▶ Work to complete
Take the material below and reproduce, word for word, only the lines from the line with "Desired Heading : Inport" through the line with "alike) : Constant".

────────────────────────────────────────

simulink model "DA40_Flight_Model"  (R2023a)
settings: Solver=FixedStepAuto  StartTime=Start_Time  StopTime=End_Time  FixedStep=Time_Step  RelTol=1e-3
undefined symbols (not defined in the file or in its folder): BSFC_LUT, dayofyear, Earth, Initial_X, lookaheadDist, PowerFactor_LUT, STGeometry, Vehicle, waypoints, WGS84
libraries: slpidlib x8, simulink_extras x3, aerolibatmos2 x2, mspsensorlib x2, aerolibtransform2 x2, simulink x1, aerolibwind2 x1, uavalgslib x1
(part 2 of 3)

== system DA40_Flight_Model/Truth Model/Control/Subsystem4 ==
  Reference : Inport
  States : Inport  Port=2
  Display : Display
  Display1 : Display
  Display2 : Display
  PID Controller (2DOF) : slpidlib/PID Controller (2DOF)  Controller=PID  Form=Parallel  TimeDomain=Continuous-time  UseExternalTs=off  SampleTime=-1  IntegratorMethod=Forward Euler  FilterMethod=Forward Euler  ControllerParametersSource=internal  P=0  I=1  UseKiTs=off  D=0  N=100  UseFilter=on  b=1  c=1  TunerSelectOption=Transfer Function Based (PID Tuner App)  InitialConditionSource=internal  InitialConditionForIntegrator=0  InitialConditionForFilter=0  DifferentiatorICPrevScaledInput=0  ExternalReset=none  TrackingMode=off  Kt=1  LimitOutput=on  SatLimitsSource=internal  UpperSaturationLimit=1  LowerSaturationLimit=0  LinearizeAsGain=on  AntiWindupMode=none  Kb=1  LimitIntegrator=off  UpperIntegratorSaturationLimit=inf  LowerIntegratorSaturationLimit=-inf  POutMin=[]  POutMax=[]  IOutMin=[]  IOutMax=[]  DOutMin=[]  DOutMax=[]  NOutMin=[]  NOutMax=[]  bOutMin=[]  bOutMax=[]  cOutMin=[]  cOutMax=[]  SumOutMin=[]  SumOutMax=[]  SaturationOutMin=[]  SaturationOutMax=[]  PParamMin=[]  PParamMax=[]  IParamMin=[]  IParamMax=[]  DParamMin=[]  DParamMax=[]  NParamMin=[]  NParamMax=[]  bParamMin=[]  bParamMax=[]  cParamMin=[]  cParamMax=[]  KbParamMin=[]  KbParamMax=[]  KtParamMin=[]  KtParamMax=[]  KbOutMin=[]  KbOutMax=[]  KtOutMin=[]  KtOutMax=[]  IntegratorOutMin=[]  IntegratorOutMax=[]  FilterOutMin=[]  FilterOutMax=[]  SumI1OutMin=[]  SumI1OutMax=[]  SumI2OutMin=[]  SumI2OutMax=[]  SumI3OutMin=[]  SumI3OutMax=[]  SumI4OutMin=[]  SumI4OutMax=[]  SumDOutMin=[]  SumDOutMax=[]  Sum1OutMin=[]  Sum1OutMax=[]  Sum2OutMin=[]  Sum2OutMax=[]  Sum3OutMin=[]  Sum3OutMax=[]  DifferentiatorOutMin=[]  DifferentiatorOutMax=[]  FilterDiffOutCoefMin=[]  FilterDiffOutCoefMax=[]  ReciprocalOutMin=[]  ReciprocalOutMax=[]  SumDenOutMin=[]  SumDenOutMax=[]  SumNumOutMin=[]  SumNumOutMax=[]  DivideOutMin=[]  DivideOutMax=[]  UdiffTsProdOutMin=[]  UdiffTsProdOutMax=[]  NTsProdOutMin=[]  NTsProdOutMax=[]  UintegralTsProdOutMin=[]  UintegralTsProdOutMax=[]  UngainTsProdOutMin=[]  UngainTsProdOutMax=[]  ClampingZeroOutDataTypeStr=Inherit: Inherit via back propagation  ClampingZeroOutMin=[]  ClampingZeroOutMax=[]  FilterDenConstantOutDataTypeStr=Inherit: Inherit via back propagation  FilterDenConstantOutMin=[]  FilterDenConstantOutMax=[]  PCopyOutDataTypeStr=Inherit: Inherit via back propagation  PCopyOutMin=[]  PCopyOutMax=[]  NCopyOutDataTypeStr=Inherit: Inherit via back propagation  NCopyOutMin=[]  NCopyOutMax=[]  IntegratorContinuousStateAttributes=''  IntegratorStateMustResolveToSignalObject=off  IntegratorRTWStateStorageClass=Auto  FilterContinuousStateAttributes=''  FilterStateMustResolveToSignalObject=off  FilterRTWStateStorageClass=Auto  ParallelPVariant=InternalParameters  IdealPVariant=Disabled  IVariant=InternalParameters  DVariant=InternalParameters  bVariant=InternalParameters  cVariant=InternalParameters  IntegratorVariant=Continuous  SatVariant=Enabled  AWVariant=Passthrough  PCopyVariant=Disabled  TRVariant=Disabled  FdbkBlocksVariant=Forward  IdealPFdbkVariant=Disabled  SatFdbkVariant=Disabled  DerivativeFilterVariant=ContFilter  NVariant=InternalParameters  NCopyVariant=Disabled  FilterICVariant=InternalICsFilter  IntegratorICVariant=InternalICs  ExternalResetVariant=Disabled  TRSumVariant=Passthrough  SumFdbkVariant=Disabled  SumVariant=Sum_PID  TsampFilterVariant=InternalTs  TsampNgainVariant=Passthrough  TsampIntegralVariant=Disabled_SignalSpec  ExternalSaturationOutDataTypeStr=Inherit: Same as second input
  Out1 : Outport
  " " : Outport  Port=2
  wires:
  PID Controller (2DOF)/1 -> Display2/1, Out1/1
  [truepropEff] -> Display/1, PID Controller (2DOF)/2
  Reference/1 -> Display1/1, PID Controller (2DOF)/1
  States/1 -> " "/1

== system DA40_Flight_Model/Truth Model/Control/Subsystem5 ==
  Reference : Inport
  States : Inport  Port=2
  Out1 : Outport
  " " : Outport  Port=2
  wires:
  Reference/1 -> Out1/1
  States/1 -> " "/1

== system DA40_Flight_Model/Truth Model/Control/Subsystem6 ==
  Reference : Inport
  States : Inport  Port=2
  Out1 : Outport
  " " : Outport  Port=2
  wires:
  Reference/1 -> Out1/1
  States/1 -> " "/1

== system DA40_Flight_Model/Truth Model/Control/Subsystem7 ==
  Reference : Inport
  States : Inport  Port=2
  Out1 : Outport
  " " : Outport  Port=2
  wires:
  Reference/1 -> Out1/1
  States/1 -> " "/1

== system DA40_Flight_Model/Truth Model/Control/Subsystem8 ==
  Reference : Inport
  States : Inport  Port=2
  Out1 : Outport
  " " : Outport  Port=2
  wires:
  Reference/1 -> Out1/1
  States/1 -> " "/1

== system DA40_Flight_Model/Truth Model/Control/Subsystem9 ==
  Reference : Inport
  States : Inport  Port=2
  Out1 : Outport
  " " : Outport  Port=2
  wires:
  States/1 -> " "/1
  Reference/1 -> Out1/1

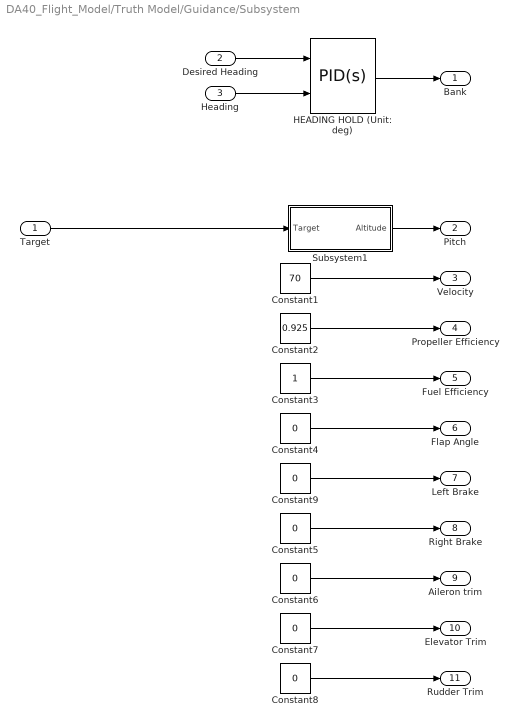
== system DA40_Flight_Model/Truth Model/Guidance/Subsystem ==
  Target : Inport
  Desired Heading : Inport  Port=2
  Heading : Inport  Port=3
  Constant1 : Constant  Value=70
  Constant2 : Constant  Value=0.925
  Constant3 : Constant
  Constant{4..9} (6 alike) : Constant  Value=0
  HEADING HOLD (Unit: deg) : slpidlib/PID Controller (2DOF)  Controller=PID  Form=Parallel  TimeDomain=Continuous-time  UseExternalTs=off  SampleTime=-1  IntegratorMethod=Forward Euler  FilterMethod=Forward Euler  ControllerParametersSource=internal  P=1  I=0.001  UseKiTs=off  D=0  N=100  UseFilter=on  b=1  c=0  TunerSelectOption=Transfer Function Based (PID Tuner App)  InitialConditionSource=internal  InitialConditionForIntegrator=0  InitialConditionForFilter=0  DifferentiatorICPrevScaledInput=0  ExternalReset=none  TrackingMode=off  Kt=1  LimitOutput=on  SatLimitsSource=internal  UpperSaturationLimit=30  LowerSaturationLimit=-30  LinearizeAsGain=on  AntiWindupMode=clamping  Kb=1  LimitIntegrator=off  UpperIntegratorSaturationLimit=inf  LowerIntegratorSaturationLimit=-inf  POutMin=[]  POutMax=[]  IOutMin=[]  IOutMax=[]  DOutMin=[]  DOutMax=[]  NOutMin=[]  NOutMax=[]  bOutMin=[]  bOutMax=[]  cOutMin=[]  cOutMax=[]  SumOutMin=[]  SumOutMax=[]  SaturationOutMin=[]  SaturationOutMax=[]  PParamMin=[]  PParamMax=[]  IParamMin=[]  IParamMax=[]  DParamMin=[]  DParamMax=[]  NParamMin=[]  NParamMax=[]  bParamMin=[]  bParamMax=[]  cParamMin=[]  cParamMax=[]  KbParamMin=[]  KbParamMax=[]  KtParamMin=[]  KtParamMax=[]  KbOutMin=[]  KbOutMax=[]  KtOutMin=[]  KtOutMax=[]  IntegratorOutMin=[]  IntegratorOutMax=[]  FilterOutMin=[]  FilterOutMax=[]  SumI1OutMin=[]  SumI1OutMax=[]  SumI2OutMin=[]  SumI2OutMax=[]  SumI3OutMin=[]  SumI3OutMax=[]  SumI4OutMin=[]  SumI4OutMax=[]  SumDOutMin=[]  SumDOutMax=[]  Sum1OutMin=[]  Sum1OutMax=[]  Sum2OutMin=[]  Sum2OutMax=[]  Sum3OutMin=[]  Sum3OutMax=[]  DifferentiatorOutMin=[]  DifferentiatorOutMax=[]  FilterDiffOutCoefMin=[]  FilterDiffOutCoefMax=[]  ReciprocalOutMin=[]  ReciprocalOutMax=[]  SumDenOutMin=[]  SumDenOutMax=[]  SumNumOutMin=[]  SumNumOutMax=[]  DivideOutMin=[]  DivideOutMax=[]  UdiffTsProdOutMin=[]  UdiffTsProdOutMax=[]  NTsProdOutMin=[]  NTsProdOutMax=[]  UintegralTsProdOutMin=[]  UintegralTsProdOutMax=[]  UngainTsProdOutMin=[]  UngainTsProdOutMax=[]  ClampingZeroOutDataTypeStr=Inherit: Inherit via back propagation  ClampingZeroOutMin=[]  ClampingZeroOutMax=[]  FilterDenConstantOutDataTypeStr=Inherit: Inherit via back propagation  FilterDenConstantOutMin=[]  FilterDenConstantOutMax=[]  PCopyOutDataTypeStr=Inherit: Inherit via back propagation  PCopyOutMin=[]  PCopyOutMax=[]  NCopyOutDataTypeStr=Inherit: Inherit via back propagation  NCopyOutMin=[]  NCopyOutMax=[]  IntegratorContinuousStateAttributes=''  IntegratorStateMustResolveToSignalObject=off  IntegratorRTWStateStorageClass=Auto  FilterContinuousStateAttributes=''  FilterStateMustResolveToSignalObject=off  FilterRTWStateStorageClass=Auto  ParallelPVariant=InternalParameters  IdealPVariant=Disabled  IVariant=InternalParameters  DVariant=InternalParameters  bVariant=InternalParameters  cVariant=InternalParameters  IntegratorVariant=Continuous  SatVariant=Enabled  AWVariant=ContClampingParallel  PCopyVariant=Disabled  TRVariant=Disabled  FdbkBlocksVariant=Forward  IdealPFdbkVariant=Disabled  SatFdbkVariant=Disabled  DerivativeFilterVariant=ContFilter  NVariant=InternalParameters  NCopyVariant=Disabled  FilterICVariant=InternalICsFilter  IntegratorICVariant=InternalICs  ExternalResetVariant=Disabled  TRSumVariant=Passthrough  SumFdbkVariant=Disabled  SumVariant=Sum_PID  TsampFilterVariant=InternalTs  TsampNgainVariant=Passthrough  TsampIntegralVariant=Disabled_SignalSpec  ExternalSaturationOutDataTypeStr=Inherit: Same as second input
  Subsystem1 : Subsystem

────────────────────────────────────────

▶ Expected answer
  Desired Heading : Inport  Port=2
  Heading : Inport  Port=3
  Constant1 : Constant  Value=70
  Constant2 : Constant  Value=0.925
  Constant3 : Constant
  Constant{4..9} (6 alike) : Constant  Value=0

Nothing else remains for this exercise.